Memristors based on ferroelectric Cu-deficient copper indium thiophosphate for multilevel storage and neuromorphic computing

Abstract

It is essential to explore the interactions between intrinsic ferroelectricity and ionic activities in 2D ferroelectrics for theoretically understanding and experimentally modulating device performance. Due to the tendency of Cu+ migration in ferroelectric copper indium thiophosphate (CIPS) and formation of Cu conductive filaments, herein, Cu-deficient CIPS (CIPS*) is employed to investigate resistive switching (RS). Different from CIPS with controllable threshold switching and write-once read-many-times (WORM) behaviors, CIPS* shows stable non-volatile digital and analog RS behaviors by controlling the operation voltage.

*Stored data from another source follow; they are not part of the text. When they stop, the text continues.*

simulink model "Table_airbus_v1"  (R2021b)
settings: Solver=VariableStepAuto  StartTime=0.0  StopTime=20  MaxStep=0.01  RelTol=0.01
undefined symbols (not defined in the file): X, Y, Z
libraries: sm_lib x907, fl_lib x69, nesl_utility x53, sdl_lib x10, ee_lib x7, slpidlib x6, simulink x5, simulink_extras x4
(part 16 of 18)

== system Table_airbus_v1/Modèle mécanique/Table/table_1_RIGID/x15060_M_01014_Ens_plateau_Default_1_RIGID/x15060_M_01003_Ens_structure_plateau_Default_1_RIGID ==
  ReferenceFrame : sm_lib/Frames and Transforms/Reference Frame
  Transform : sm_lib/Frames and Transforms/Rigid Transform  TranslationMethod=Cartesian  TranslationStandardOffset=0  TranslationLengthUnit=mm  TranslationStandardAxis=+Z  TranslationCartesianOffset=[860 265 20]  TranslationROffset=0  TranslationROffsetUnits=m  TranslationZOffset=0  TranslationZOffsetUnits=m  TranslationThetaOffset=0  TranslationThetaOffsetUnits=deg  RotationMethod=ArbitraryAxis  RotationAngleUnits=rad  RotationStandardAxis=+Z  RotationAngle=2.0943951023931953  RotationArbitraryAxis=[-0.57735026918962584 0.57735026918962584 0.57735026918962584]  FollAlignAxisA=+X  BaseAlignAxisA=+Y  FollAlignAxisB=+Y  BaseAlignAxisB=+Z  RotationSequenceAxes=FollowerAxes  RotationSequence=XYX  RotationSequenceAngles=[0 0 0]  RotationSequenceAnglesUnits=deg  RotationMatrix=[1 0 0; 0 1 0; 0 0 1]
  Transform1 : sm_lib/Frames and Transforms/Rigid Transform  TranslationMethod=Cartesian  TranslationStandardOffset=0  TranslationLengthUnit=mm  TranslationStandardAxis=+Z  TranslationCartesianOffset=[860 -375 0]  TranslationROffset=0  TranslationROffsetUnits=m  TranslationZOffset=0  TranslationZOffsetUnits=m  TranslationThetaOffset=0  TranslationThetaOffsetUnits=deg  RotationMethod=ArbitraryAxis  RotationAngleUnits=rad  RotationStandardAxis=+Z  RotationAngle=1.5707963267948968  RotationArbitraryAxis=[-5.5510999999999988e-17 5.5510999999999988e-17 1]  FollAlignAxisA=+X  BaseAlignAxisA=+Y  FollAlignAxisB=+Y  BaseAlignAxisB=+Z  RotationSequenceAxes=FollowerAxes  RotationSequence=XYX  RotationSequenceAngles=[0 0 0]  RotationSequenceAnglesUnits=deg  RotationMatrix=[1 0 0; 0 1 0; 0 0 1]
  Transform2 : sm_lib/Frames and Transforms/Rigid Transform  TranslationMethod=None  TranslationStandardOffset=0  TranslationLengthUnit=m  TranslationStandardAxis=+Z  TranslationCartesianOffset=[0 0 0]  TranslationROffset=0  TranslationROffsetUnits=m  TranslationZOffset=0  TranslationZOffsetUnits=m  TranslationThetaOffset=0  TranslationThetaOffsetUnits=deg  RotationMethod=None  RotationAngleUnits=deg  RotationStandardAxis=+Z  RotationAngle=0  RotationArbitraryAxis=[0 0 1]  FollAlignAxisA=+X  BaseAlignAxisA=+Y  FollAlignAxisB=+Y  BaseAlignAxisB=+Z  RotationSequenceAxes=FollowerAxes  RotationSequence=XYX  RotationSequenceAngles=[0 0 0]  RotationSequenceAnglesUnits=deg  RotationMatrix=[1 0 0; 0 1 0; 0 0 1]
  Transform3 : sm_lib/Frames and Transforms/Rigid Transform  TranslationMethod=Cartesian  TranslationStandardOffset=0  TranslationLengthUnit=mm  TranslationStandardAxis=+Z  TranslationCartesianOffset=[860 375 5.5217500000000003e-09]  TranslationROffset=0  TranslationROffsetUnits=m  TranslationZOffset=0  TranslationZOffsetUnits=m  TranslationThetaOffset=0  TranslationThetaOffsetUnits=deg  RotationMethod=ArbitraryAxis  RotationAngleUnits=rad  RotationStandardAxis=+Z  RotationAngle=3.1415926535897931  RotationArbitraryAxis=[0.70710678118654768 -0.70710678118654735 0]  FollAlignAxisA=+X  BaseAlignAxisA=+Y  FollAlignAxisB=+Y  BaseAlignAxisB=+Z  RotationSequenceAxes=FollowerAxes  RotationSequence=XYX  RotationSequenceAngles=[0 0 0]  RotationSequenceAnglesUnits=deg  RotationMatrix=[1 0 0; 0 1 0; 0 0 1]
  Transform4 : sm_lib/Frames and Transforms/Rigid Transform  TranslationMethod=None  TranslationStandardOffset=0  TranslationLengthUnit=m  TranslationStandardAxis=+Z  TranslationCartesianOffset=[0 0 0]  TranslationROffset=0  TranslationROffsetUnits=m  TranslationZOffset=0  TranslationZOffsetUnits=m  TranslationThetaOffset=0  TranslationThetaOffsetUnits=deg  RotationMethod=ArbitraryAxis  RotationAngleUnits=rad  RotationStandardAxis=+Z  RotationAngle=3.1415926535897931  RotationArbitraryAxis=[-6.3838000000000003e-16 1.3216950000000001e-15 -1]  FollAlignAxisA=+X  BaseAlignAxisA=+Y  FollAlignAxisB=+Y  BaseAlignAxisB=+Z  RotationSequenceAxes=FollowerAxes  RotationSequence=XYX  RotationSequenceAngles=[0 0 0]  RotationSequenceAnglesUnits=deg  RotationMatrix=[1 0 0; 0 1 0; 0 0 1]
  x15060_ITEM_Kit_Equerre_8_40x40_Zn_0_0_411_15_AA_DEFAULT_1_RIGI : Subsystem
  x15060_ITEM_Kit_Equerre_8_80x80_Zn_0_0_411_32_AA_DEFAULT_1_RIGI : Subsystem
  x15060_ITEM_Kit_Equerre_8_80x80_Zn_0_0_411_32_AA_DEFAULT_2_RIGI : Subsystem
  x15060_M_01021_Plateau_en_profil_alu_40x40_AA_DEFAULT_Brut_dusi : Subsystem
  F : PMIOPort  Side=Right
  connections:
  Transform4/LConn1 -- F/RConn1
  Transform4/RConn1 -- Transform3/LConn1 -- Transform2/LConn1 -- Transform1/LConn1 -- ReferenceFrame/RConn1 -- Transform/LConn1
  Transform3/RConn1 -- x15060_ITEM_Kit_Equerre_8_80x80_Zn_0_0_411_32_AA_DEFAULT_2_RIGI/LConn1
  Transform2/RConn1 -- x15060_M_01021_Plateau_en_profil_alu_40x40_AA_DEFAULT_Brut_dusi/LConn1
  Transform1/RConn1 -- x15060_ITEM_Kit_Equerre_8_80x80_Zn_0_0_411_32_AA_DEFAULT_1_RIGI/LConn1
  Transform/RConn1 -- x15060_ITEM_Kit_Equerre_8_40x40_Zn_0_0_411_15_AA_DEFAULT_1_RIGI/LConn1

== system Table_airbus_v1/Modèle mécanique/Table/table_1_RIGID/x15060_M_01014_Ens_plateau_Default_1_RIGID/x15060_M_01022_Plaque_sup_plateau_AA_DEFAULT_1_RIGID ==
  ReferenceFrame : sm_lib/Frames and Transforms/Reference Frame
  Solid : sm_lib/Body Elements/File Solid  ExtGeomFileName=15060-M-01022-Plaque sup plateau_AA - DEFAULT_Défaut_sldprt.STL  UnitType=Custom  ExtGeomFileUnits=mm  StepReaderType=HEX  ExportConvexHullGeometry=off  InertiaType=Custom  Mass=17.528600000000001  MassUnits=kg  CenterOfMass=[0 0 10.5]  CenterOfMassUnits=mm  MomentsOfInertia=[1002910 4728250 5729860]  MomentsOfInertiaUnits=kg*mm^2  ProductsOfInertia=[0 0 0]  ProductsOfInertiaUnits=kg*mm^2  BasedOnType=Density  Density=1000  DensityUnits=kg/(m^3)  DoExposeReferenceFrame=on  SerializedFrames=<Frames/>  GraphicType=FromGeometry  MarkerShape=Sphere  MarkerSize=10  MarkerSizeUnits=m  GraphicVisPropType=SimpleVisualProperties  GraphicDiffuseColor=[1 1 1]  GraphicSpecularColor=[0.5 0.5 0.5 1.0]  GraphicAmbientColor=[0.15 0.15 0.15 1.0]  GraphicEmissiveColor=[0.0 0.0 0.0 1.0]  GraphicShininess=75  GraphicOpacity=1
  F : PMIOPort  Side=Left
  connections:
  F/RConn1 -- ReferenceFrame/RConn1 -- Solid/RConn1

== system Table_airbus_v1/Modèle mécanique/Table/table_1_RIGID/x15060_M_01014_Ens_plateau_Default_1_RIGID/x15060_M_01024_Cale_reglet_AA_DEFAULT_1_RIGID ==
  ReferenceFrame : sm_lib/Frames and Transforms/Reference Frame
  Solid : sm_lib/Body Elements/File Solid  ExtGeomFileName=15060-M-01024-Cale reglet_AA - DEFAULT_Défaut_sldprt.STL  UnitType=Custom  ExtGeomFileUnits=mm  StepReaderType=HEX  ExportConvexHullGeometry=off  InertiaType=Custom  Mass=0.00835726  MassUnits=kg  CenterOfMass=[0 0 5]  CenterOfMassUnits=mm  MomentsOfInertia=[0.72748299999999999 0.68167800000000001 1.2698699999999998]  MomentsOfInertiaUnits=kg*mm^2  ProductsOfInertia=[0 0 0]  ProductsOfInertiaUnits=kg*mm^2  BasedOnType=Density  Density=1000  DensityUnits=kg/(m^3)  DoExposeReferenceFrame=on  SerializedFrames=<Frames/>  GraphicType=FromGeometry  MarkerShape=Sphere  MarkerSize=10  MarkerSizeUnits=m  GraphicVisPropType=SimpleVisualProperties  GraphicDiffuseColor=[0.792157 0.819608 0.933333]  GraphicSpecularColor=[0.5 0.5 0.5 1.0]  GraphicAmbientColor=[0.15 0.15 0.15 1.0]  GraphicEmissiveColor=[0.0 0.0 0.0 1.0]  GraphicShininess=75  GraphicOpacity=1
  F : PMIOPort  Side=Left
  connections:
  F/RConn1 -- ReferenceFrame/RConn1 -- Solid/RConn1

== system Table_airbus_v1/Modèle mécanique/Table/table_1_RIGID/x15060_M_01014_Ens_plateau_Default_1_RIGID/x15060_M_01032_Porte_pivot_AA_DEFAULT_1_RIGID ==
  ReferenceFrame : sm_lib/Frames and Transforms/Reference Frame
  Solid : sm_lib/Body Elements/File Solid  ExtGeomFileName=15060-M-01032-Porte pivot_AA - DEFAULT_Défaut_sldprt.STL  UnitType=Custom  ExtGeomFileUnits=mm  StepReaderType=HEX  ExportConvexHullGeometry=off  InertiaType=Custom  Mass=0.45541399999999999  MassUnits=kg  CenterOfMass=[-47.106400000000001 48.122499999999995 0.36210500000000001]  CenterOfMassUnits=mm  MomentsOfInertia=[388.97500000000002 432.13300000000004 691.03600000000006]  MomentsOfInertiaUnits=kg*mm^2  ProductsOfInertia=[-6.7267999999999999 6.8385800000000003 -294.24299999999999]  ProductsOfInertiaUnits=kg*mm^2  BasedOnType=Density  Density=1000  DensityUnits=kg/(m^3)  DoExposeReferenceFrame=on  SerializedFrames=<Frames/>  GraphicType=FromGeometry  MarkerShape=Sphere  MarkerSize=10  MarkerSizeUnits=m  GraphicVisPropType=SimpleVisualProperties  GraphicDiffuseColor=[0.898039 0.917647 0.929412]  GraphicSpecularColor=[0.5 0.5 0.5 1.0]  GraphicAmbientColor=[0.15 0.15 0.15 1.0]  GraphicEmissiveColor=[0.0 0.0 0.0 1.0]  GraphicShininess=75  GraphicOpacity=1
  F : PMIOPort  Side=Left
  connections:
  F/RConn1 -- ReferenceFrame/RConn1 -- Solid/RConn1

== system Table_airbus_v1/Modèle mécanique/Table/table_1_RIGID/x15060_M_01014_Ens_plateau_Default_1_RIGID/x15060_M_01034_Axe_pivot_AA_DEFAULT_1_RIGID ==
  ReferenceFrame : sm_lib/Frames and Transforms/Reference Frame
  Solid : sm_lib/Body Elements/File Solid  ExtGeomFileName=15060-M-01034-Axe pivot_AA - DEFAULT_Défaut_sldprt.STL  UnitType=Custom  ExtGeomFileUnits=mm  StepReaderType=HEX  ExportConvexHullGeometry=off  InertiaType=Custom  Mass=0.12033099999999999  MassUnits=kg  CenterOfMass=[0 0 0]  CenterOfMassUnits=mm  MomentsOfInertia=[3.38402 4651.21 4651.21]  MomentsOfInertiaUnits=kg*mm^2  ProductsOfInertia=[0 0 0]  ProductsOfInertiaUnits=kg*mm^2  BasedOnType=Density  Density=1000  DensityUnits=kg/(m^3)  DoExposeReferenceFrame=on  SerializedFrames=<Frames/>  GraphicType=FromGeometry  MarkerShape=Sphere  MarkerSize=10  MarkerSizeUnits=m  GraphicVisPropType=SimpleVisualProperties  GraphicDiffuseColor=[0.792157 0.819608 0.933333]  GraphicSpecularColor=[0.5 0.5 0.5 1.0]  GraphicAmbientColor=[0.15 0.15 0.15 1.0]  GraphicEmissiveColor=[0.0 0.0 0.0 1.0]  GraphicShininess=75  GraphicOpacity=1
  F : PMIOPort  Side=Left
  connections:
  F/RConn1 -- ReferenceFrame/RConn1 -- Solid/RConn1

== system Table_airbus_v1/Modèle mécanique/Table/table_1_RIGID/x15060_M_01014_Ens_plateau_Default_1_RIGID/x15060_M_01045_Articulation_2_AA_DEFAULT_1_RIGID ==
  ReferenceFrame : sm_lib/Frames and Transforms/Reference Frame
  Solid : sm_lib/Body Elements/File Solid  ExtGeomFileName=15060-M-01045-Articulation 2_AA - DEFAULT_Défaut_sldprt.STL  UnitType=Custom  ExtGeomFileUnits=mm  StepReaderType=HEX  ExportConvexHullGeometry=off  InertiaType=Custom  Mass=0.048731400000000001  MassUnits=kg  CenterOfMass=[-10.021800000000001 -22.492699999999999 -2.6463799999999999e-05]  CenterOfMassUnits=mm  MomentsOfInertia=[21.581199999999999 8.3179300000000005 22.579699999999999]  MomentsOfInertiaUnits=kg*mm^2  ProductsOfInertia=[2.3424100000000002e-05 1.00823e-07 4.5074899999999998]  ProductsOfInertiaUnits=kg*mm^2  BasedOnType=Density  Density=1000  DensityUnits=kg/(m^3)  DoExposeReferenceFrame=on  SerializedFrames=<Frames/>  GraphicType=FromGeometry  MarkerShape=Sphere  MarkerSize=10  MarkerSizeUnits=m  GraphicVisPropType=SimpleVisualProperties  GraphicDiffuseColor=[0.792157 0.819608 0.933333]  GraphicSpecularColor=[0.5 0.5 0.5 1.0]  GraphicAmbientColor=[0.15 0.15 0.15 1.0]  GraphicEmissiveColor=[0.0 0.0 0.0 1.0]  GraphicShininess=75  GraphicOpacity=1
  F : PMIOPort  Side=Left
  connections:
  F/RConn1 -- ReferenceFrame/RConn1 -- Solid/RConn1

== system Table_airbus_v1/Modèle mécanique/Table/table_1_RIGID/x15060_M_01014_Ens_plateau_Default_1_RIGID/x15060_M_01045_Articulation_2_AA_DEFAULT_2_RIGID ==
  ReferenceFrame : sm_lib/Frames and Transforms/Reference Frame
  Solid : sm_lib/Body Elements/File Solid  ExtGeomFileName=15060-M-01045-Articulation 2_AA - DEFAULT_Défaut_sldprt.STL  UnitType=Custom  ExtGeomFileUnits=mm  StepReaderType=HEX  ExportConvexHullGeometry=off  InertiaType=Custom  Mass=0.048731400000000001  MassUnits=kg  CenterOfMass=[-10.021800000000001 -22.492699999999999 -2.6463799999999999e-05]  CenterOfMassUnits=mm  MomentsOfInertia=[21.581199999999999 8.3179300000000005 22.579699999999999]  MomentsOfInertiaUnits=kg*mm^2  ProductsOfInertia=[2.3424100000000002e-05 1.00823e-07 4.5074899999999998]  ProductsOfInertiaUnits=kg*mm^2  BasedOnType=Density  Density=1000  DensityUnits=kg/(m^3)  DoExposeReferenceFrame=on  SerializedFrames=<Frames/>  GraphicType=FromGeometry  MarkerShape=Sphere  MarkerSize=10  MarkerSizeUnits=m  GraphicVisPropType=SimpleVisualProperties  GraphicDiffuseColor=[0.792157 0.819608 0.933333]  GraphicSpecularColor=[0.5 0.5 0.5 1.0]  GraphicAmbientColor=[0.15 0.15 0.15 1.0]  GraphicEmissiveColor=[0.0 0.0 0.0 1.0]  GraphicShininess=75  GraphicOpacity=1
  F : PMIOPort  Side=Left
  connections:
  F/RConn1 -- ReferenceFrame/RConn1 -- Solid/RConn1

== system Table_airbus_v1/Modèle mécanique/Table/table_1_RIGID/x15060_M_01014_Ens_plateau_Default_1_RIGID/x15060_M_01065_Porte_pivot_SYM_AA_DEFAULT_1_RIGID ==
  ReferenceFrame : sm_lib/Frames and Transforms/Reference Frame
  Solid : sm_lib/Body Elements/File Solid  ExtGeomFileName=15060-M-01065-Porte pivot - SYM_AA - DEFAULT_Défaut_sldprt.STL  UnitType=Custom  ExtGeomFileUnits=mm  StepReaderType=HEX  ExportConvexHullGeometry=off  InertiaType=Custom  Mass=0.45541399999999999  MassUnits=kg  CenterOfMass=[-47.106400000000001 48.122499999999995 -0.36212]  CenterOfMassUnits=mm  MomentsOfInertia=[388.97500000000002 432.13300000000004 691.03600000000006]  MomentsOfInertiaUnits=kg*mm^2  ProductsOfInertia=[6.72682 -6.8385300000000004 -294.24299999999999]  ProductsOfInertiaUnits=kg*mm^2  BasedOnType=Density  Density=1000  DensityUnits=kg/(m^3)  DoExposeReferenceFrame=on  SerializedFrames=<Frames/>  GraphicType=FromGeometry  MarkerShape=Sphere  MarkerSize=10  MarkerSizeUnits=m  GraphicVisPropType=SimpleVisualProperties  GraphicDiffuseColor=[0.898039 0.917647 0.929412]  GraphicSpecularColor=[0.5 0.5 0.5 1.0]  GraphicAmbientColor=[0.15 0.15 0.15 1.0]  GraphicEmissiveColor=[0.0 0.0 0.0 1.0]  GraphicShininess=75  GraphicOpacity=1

Owing to the formation of non-stoichiometric In4/3P2S6 (IPS) with metallic phase at the low-resistance state, the fabricated memristors demonstrate high ON/OFF ratio up to 5 × 105 and high endurance stability (>2000 cycles), which can be utilized to implement multilevel storage. And more intriguing, amplitude-dependent and polarity-independent long-term potentiation and depression can be simulated based on the analog memristors. Artificial neural network based on CIPS* synaptic memristors can realize handwritten digit recognition with the accuracy of 91.15%. Even after considering the cycle-to-cycle and device-to-device variations of the synaptic functions, the accuracy remains as high as 90.71%. Such investigations pave the way toward highly reliable memristors base on 2D ferroelectrics with potential applications in multilevel storage and neuromorphic computing.